With his holiday in New Zealand over the Christmas period coming to an end, he would soon be heading back to Prague to plan the future of the game with his team.
“In the later half of this month we’re gonna decide what our road map is.”
A version of the currently computer-exclusive game was likely for new game consoles.
People loved their time in the virtual world of Chernarus, the fictional area Day Z is set in and it was changing the lives of many people, Dean said.
Bohemia Interactive had gone through some “difficult” growing pains, but was doing well now, Dean said.
He was aware of someone who was now making a living broadcasting themselves playing Day Z online.
Some companies which hosted servers to store the virtual worlds were now making millions of dollars because of Day Z.
In general people just loved the game, he said.
“You go into this open world . . . and you’ve got to try and survive.”
With literally nothing spent on marketing the game – “We haven’t spent a single dollar” – the game is a true viral success.
Despite his success, Dean misses home.
“People don’t realise just how awesome New Zealand is.”

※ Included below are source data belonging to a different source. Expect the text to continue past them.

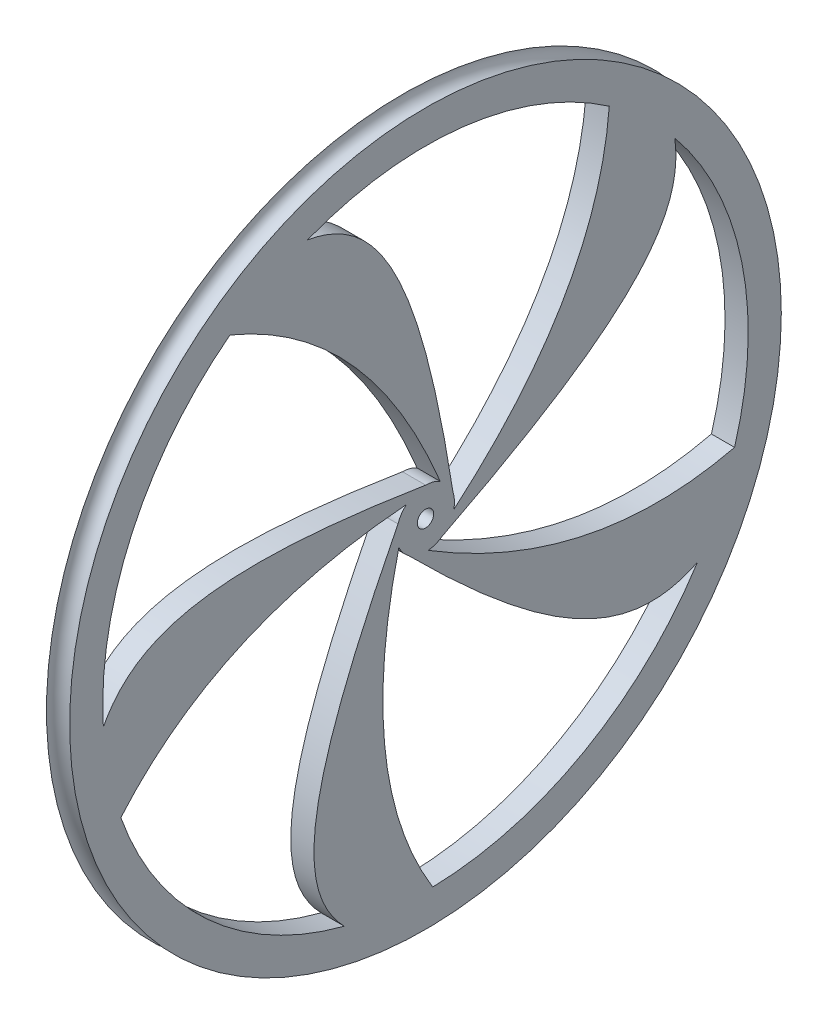
ISO-10303-21;
HEADER;
FILE_DESCRIPTION(('STEP AP214'),'2;1');
FILE_NAME('part.step','',(''),(''),'','','');
FILE_SCHEMA(('AUTOMOTIVE_DESIGN { 1 0 10303 214 1 1 1 1 }'));
ENDSEC;
DATA;
#1=APPLICATION_CONTEXT('core data for automotive mechanical design processes');
#2=APPLICATION_PROTOCOL_DEFINITION('international standard','automotive_design',2000,#1);
#3=PRODUCT_CONTEXT('',#1,'mechanical');
#4=PRODUCT('Part','Part','',(#3));
#5=PRODUCT_RELATED_PRODUCT_CATEGORY('part','',(#4));
#6=PRODUCT_DEFINITION_FORMATION('','',#4);
#7=PRODUCT_DEFINITION_CONTEXT('part definition',#1,'design');
#8=PRODUCT_DEFINITION('design','',#6,#7);
#9=PRODUCT_DEFINITION_SHAPE('','',#8);
#10=(LENGTH_UNIT() NAMED_UNIT(*) SI_UNIT(.MILLI.,.METRE.));
#11=(NAMED_UNIT(*) PLANE_ANGLE_UNIT() SI_UNIT($,.RADIAN.));
#12=(NAMED_UNIT(*) SI_UNIT($,.STERADIAN.) SOLID_ANGLE_UNIT());
#13=UNCERTAINTY_MEASURE_WITH_UNIT(LENGTH_MEASURE(1.E-05),#10,'distance_accuracy_value','');
#14=(GEOMETRIC_REPRESENTATION_CONTEXT(3) GLOBAL_UNCERTAINTY_ASSIGNED_CONTEXT((#13)) GLOBAL_UNIT_ASSIGNED_CONTEXT((#10,
#11,#12)) REPRESENTATION_CONTEXT('',''));
#15=CARTESIAN_POINT('',(0.,0.,0.));
#16=DIRECTION('',(0.,0.,1.));
#17=DIRECTION('',(1.,0.,0.));
#18=AXIS2_PLACEMENT_3D('',#15,#16,#17);
#19=CARTESIAN_POINT('',(0.,0.,0.));
#20=DIRECTION('',(1.,0.,0.));
#21=DIRECTION('',(0.,0.,-1.));
#22=AXIS2_PLACEMENT_3D('',#19,#20,#21);
#23=CYLINDRICAL_SURFACE('',#22,49.53);
#24=CARTESIAN_POINT('',(1.778,0.,0.));
#25=DIRECTION('',(1.,0.,0.));
#26=DIRECTION('',(0.,0.,-1.));
#27=AXIS2_PLACEMENT_3D('',#24,#25,#26);
#28=CIRCLE('',#27,49.53);
#29=CARTESIAN_POINT('',(1.778,-14.2449859048352,-47.4373405301251));
#30=VERTEX_POINT('',#29);
#31=CARTESIAN_POINT('',(1.778,31.4582822133367,-38.2569912589329));
#32=VERTEX_POINT('',#31);
#33=EDGE_CURVE('E189',#30,#32,#28,.T.);
#34=ORIENTED_EDGE('',*,*,#33,.T.);
#35=DIRECTION('',(-1.,0.,0.));
#36=VECTOR('',#35,1.);
#37=CARTESIAN_POINT('',(1.778,31.4582822133367,-38.2569912589329));
#38=LINE('',#37,#36);
#39=CARTESIAN_POINT('',(-1.778,31.4582822133367,-38.2569912589329));
#40=VERTEX_POINT('',#39);
#41=EDGE_CURVE('E65',#32,#40,#38,.T.);
#42=ORIENTED_EDGE('',*,*,#41,.T.);
#43=CARTESIAN_POINT('',(-1.778,0.,0.));
#44=DIRECTION('',(1.,0.,0.));
#45=DIRECTION('',(0.,0.,-1.));
#46=AXIS2_PLACEMENT_3D('',#43,#44,#45);
#47=CIRCLE('',#46,49.53);
#48=CARTESIAN_POINT('',(-1.778,-14.2449859048305,-47.4373405301265));
#49=VERTEX_POINT('',#48);
#50=EDGE_CURVE('E470',#49,#40,#47,.T.);
#51=ORIENTED_EDGE('',*,*,#50,.F.);
#52=DIRECTION('',(-1.,0.,0.));
#53=VECTOR('',#52,1.);
#54=CARTESIAN_POINT('',(1.778,-14.2449859048352,-47.4373405301251));
#55=LINE('',#54,#53);
#56=EDGE_CURVE('E244',#30,#49,#55,.T.);
#57=ORIENTED_EDGE('',*,*,#56,.F.);
#58=EDGE_LOOP('',(#34,#42,#51,#57));
#59=FACE_BOUND('',#58,.T.);
#60=ADVANCED_FACE('F41',(#59),#23,.F.);
#61=CARTESIAN_POINT('',(1.778,0.,0.));
#62=DIRECTION('',(-1.,0.,0.));
#63=DIRECTION('',(0.,0.,1.));
#64=AXIS2_PLACEMENT_3D('',#61,#62,#63);
#65=CYLINDRICAL_SURFACE('',#64,4.445);
#66=DIRECTION('',(-1.,0.,0.));
#67=VECTOR('',#66,1.);
#68=CARTESIAN_POINT('',(1.778,-3.61390194815136,-2.58799878461096));
#69=LINE('',#68,#67);
#70=CARTESIAN_POINT('',(1.778,-3.61390194815136,-2.58799878461096));
#71=VERTEX_POINT('',#70);
#72=CARTESIAN_POINT('',(-1.778,-3.61390194815815,-2.58799878460147));
#73=VERTEX_POINT('',#72);
#74=EDGE_CURVE('E547',#71,#73,#69,.T.);
#75=ORIENTED_EDGE('',*,*,#74,.F.);
#76=CARTESIAN_POINT('',(1.778,0.,0.));
#77=DIRECTION('',(1.,0.,0.));
#78=DIRECTION('',(0.,0.,-1.));
#79=AXIS2_PLACEMENT_3D('',#76,#77,#78);
#80=CIRCLE('',#79,4.445);
#81=CARTESIAN_POINT('',(1.778,-4.42596173429695,-0.410959519343637));
#82=VERTEX_POINT('',#81);
#83=EDGE_CURVE('E570',#82,#71,#80,.T.);
#84=ORIENTED_EDGE('',*,*,#83,.F.);
#85=DIRECTION('',(-1.,0.,0.));
#86=VECTOR('',#85,1.);
#87=CARTESIAN_POINT('',(1.778,-4.42596173429695,-0.410959519343637));
#88=LINE('',#87,#86);
#89=CARTESIAN_POINT('',(-1.778,-4.42596173429695,-0.410959519343637));
#90=VERTEX_POINT('',#89);
#91=EDGE_CURVE('E281',#82,#90,#88,.T.);
#92=ORIENTED_EDGE('',*,*,#91,.T.);
#93=CARTESIAN_POINT('',(-1.778,0.,0.));
#94=DIRECTION('',(1.,0.,0.));
#95=DIRECTION('',(0.,0.,-1.));
#96=AXIS2_PLACEMENT_3D('',#93,#94,#95);
#97=CIRCLE('',#96,4.445);
#98=EDGE_CURVE('E545',#90,#73,#97,.T.);
#99=ORIENTED_EDGE('',*,*,#98,.T.);
#100=EDGE_LOOP('',(#75,#84,#92,#99));
#101=FACE_BOUND('',#100,.T.);
#102=ADVANCED_FACE('F421',(#101),#65,.T.);
#103=CARTESIAN_POINT('',(1.778,-49.5175345561133,-1.11115772243385));
#104=VERTEX_POINT('',#103);
#105=CARTESIAN_POINT('',(1.778,-26.6634170128908,-41.7406647431098));
#106=VERTEX_POINT('',#105);
#107=EDGE_CURVE('E448',#104,#106,#28,.T.);
#108=ORIENTED_EDGE('',*,*,#107,.T.);
#109=DIRECTION('',(-1.,0.,0.));
#110=VECTOR('',#109,1.);
#111=CARTESIAN_POINT('',(1.778,-26.6634170128908,-41.7406647431098));
#112=LINE('',#111,#110);
#113=CARTESIAN_POINT('',(-1.778,-26.6634170128908,-41.7406647431098));
#114=VERTEX_POINT('',#113);
#115=EDGE_CURVE('E274',#106,#114,#112,.T.);
#116=ORIENTED_EDGE('',*,*,#115,.T.);
#117=CARTESIAN_POINT('',(-1.778,-49.5175345561132,-1.11115772243876));
#118=VERTEX_POINT('',#117);
#119=EDGE_CURVE('E467',#118,#114,#47,.T.);
#120=ORIENTED_EDGE('',*,*,#119,.F.);
#121=DIRECTION('',(-1.,0.,0.));
#122=VECTOR('',#121,1.);
#123=CARTESIAN_POINT('',(1.778,-49.5175345561133,-1.11115772243385));
#124=LINE('',#123,#122);
#125=EDGE_CURVE('E452',#104,#118,#124,.T.);
#126=ORIENTED_EDGE('',*,*,#125,.F.);
#127=EDGE_LOOP('',(#108,#116,#120,#126));
#128=FACE_BOUND('',#127,.T.);
#129=ADVANCED_FACE('F422',(#128),#23,.F.);
#130=DIRECTION('',(-1.,0.,0.));
#131=VECTOR('',#130,1.);
#132=CARTESIAN_POINT('',(1.778,-3.57809022625168,2.63728939117462));
#133=LINE('',#132,#131);
#134=CARTESIAN_POINT('',(1.778,-3.57809022625168,2.63728939117462));
#135=VERTEX_POINT('',#134);
#136=CARTESIAN_POINT('',(-1.778,-3.57809022624476,2.637289391184));
#137=VERTEX_POINT('',#136);
#138=EDGE_CURVE('E277',#135,#137,#133,.T.);
#139=ORIENTED_EDGE('',*,*,#138,.F.);
#140=CARTESIAN_POINT('',(1.778,-1.75854312115625,4.08234627279877));
#141=VERTEX_POINT('',#140);
#142=EDGE_CURVE('E460',#141,#135,#80,.T.);
#143=ORIENTED_EDGE('',*,*,#142,.F.);
#144=DIRECTION('',(-1.,0.,0.));
#145=VECTOR('',#144,1.);
#146=CARTESIAN_POINT('',(1.778,-1.75854312115625,4.08234627279877));
#147=LINE('',#146,#145);
#148=CARTESIAN_POINT('',(-1.778,-1.75854312115625,4.08234627279877));
#149=VERTEX_POINT('',#148);
#150=EDGE_CURVE('E339',#141,#149,#147,.T.);
#151=ORIENTED_EDGE('',*,*,#150,.T.);
#152=EDGE_CURVE('E465',#149,#137,#97,.T.);
#153=ORIENTED_EDGE('',*,*,#152,.T.);
#154=EDGE_LOOP('',(#139,#143,#151,#153));
#155=FACE_BOUND('',#154,.T.);
#156=ADVANCED_FACE('F434',(#155),#65,.T.);
#157=CARTESIAN_POINT('',(1.778,-16.35853348994,46.750607290799));
#158=VERTEX_POINT('',#157);
#159=CARTESIAN_POINT('',(1.778,-47.9371801835152,12.4598417346769));
#160=VERTEX_POINT('',#159);
#161=EDGE_CURVE('E456',#158,#160,#28,.T.);
#162=ORIENTED_EDGE('',*,*,#161,.T.);
#163=DIRECTION('',(-1.,0.,0.));
#164=VECTOR('',#163,1.);
#165=CARTESIAN_POINT('',(1.778,-47.9371801835152,12.4598417346769));
#166=LINE('',#165,#164);
#167=CARTESIAN_POINT('',(-1.778,-47.9371801835152,12.4598417346769));
#168=VERTEX_POINT('',#167);
#169=EDGE_CURVE('E589',#160,#168,#166,.T.);
#170=ORIENTED_EDGE('',*,*,#169,.T.);
#171=CARTESIAN_POINT('',(-1.778,-16.3585334899446,46.7506072907974));
#172=VERTEX_POINT('',#171);
#173=EDGE_CURVE('E50',#172,#168,#47,.T.);
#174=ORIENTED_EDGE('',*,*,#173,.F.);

Eventually when his time making Day Z is done, Dean said he has big plans.
He is looking at opening his own game studio.
Initially considering Oamaru, then Dunedin, currently Dean said he has his heart set on Queenstown as the location for his potential studio.
With Day Z continuing to grow it may be a while until this former Oamaruvian can return home, but when he does he will bring with him a wealth of experience and knowledge.